Privilege: read/write
Squash: no mapping
Security: sys
Enable other options, including asynchronous, and allow access from mounted sub-folders.

Now ssh to the NAS and set up ownership and permissions.
The flatpak install will live under /volume1/device-apps, create the directory:

sudo mkdir -p /volume1/device-apps/flatpak

Set ownership of the share and sub-directories to match the client user id.
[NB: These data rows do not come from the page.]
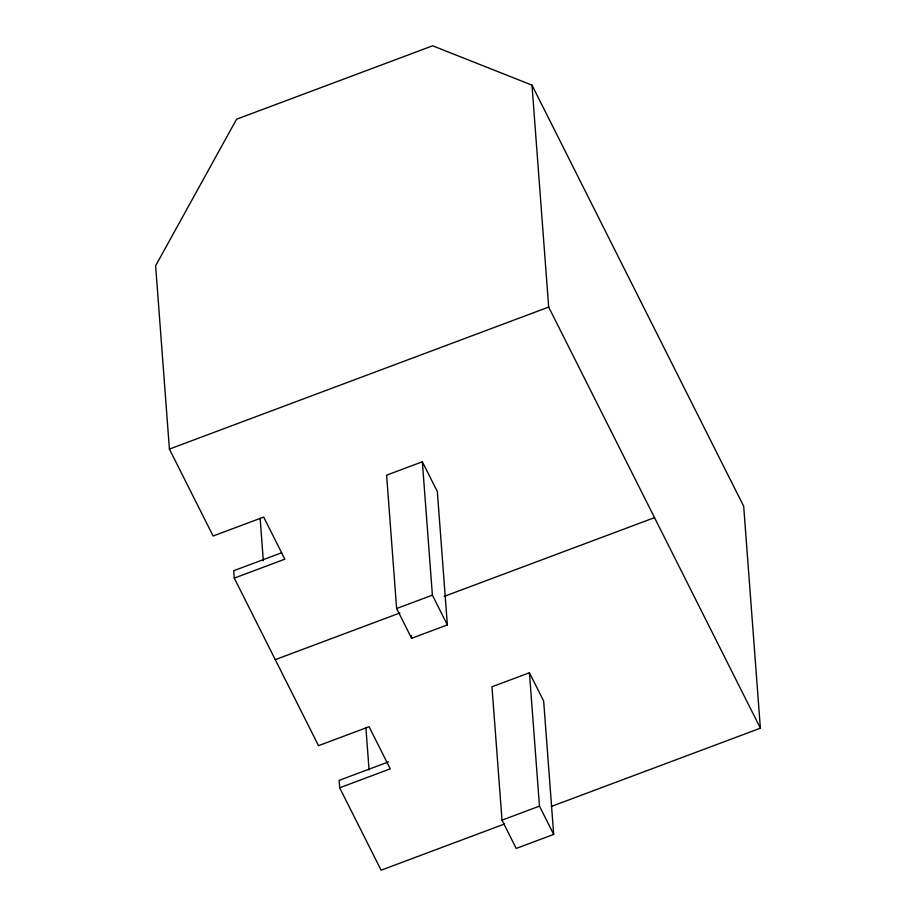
<?xml version="1.0" encoding="UTF-8"?>
<svg xmlns="http://www.w3.org/2000/svg" width="916" height="916" viewBox="0 0 916 916"><rect width="100%" height="100%" fill="white"/><g stroke="black" fill="none" stroke-linecap="round" stroke-linejoin="round"><path stroke-width="1.37" d="M169.414 449.092L548.673 307.078L531.99 85.142L432.65 45.8L236.568 119.217L155.628 265.766L169.414 449.092L213.107 536.009L263.682 517.082L284.842 559.184L234.278 578.122L318.505 745.67L369.079 726.732L390.25 768.845L339.676 787.783L381.113 870.2L504.407 824.034M422.356 461.779L386.609 475.164L396.628 608.533L411.605 638.315L447.363 624.93L437.333 491.56L422.356 461.779L432.386 595.148L447.363 624.93M281.624 552.772L233.717 570.714L234.278 578.122M396.628 608.533L432.386 595.148M275.258 659.646L399.891 612.976M444.123 596.419L654.528 517.632M529.437 672.756L491.972 686.782L502.002 820.152L516.223 848.445L553.688 834.419L543.657 701.049L529.437 672.756L539.467 806.126L553.688 834.419M388.361 761.94L339.126 780.375L339.676 787.783M502.002 820.152L539.467 806.126M551.306 806.469L760.372 728.186L743.689 506.25L531.99 85.142M548.673 307.078L760.372 728.186M411.387 635.475L411.605 638.315M365.873 727.407L369.079 769.967M260.133 518.273L263.327 560.832"/></g></svg>
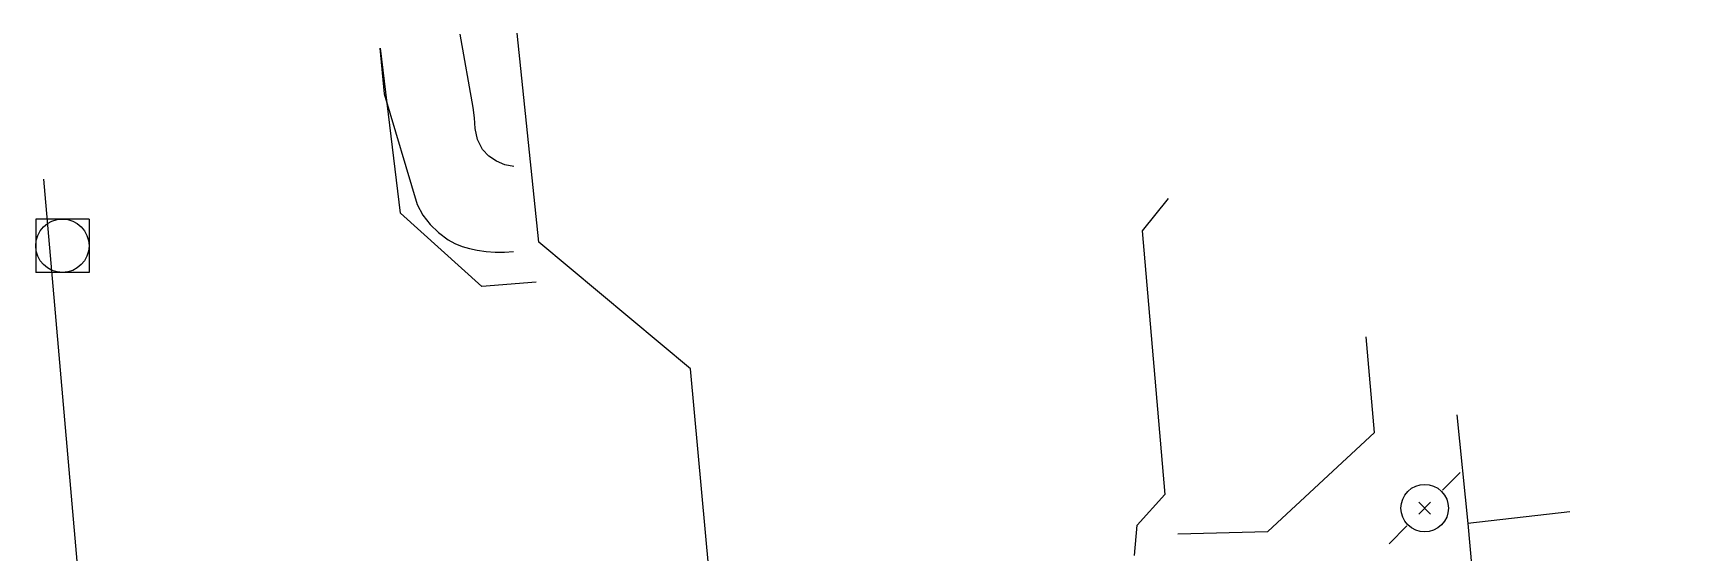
# Model space of a CAD drawing. Header units: millimetres. Extents: x 150997 to 152001, y 151999 to 153001.
# Drawn here: x 151012.59 to 151059.05, y 152596.66 to 152611.25 of the extents above; entities that cross this region are included whole.
import ezdxf

# ---------------------------------------------------------------- set-up
doc = ezdxf.new("R2010")
doc.units = ezdxf.units.MM
doc.layers.get('0').update_dxf_attribs({"linetype": 'CONTINUOUS'})
for name, color, linetype in [('W0017', 7, 'CONTINUOUS'), ('W0101', 7, 'CONTINUOUS'), ('W0105', 7, 'CONTINUOUS'), ('W0211', 2, 'CONTINUOUS'), ('W0214', 2, 'CONTINUOUS'), ('W0420', 7, 'CONTINUOUS'), ('W0473', 7, 'CONTINUOUS')]:
    doc.layers.add(name, color=color, linetype=linetype)

# ---------------------------------------------------------------- blocks, each defined once
blk = doc.blocks.new('T420')
for p, q in [((0.75, 0.75), (-0.75, 0.75)), ((-0.75, 0.75), (-0.75, -0.75)), ((0.75, 0.75), (0.75, -0.75)), ((0.75, -0.75), (-0.75, -0.75))]:
    blk.add_line(p, q)
blk.add_ellipse((0, 0), major_axis=(-0.53, 0.53), ratio=1, start_param=3.926991, end_param=10.210176)
blk = doc.blocks.new('T473')
for p, q in [((0.500001, 0.500001), (1.000002, 1.000002)), ((-0.166667, 0.166667), (0.166667, -0.166667)), ((-0.166667, -0.166667), (0.166667, 0.166667)), ((-1.000002, -1.000002), (-0.500001, -0.500001))]:
    blk.add_line(p, q)
blk.add_ellipse((0, 0), major_axis=(0.471405, 0.471405), ratio=1, start_param=5.497787144, end_param=11.780972451)

msp = doc.modelspace()

# ---------------------------------------------------------------- linework, layer by layer
at = {"layer": 'W0017'}
for points in [[(151026.72, 152604.252), (151025.191, 152604.139), (151022.906, 152606.19), (151022.347, 152610.828)], [(151012.877, 152607.15), (151013.896, 152595.46), (151014, 152595.375)], [(151044.745, 152597.189), (151047.271, 152597.26), (151050.275, 152600.034), (151050.041, 152602.719)], [(151052.588, 152600.533), (151052.893, 152597.486)]]:
    msp.add_lwpolyline(points, dxfattribs=at)
at = {"layer": 'W0101'}
for points in [[(151031.58, 152596.111), (151031.058, 152601.82), (151026.791, 152605.376), (151026.187, 152611.247)], [(151044.476, 152606.605), (151043.746, 152605.698), (151044.38, 152598.3), (151043.605, 152597.433)], [(151043.526, 152596.586), (151043.605, 152597.433)]]:
    msp.add_lwpolyline(points, dxfattribs=at)
at = {"layer": 'W0105'}
msp.add_lwpolyline([(151055.757, 152597.813), (151052.893, 152597.486), (151053.176, 152594.35), (151059.049, 152594.988)], dxfattribs=at)
at = {"layer": 'W0211'}
msp.add_lwpolyline([(151022.328, 152610.823), (151022.445, 152609.54), (151023.372, 152606.436), (151023.533, 152606.141), (151023.74, 152605.878), (151023.98, 152605.648), (151024.244, 152605.448), (151024.436, 152605.34), (151024.64, 152605.26), (151024.85, 152605.202), (151025.062, 152605.157), (151025.316, 152605.118), (151025.572, 152605.098), (151025.83, 152605.097), (151026.086, 152605.116)], dxfattribs=at)
at = {"layer": 'W0214'}
msp.add_lwpolyline([(151026.094, 152607.506), (151025.84, 152607.551), (151025.602, 152607.649), (151025.39, 152607.795), (151025.214, 152607.983), (151025.071, 152608.26), (151025.007, 152608.566), (151024.984, 152608.869), (151024.954, 152609.156), (151024.581, 152611.216)], dxfattribs=at)

# ---------------------------------------------------------------- block references
at = {"layer": 'W0420'}
msp.add_blockref('T420', (151013.409, 152605.278), dxfattribs=at)
at = {"layer": 'W0473'}
msp.add_blockref('T473', (151051.682, 152597.914), dxfattribs=at)

doc.saveas('drawing.dxf')

sudo chown -R --changes 1000:1000 /volume1/device-apps/
sudo chmod -R 755 /volume1/device-apps

Confirm permissions:

ls -ld /volume1/device-apps

Client Setup

Perform the remaining steps on the client side, e.g. your Linux Desktop pc or VM.

Create the Mount

In my case, this is at

/mnt/nas-device-apps

Edit fstab:

sudo nano /etc/fstab

Add the following, with host and paths adjusted for your application:

192.168.0.10:/volume1/device-apps  /mnt/nas-device-apps  nfs  defaults,exec,noatime,nolock   0  0

Flatpak repo needs exec permissions. Add performance optimization options noatime,nolock.

Mount it:

sudo mount -a

Create the flatpak Installation config file

Create the installations.d directory:

sudo mkdir -p /etc/flatpak/installations.d

Creat a configuration file defining the Installation:

sudo nano /etc/flatpak/installations.d/nas.conf

Enter the following:

[Installation "nas"]
Path=/mnt/nas-device-apps/flatpak
DisplayName=NAS Flatpak

Save. You can now refer to this Installation location by logical name “nas”. You can set this to whatever works for you.

Verify
List all installations (system default and the one just added):

flatpak --installations
/mnt/nas-device-apps/flatpak
/var/lib/flatpak

Create the flathub repo

Now we can add a repo. In this case flathub.
Note that all flatpak commands are run as sudo since I’m installing all as system (not user).

Add the flathub remote to the nas installation:

sudo flatpak remote-add --installation=nas --if-not-exists --verbose flathub https://flathub.org/repo/flathub.flatpakrepo

Confirm the gpg key is created and permissions are correct at repo/flathub.trustedkeys.gpg

ls -la /mnt/nas-device-apps/flatpak/repo

You should see the following file:

-rw-r--r-- 1 root  root  2888 Mar 29 15:07 flathub.trustedkeys.gpg

Confirm setup by viewing the remotes for this install:

sudo flatpak remotes --installation=nas  --show-details

You should see the following:

Name    Title   URL                          Collection ID Subset Filter Priority Options … … Homepage             Icon
flathub Flathub https://dl.flathub.org/repo/ -             -      -      1                … … https://flathub.org/ https://dl.flathub.org/repo/logo.svg

The repo is now set up and trusted.

Install a Flatpak Application

Shown here is installation of the KiCad EDA environment for schematic and pcb design.
Install the flatpak app:

sudo flatpak install --installation=nas --verbose flathub org.kicad.KiCad

Launch the application. You should find it in the desktop menu.
Note that you can also launch it from a terminal window:

flatpak run --installation=nas --filesystem=/mnt/nas-devices  org.kicad.KiCad

App Permissions

If your app needs access beyond the home directory, you will need to specify flatpak permissions. These steps show the granting of access to another NAS share (already configured) for the flatpak KiCAD application.

Grant Permission:

sudo flatpak override org.kicad.KiCad  --verbose --installation=nas --filesystem=/mnt/nas-devices

Verify the permissions:

flatpak info --installation=nas --show-permissions org.kicad.KiCad

You will see something like:

[Context]
shared=network;ipc;
sockets=x11;
devices=dri;
filesystems=home;/mnt/nas-devices;

[Environment]
TMPDIR=/var/tmp

Conclusion

I’m surprised that app launch delay isn’t really noticable. In my case, the NAS is co-located in the same rack as the NUCs and connected via 1 Gbps lan.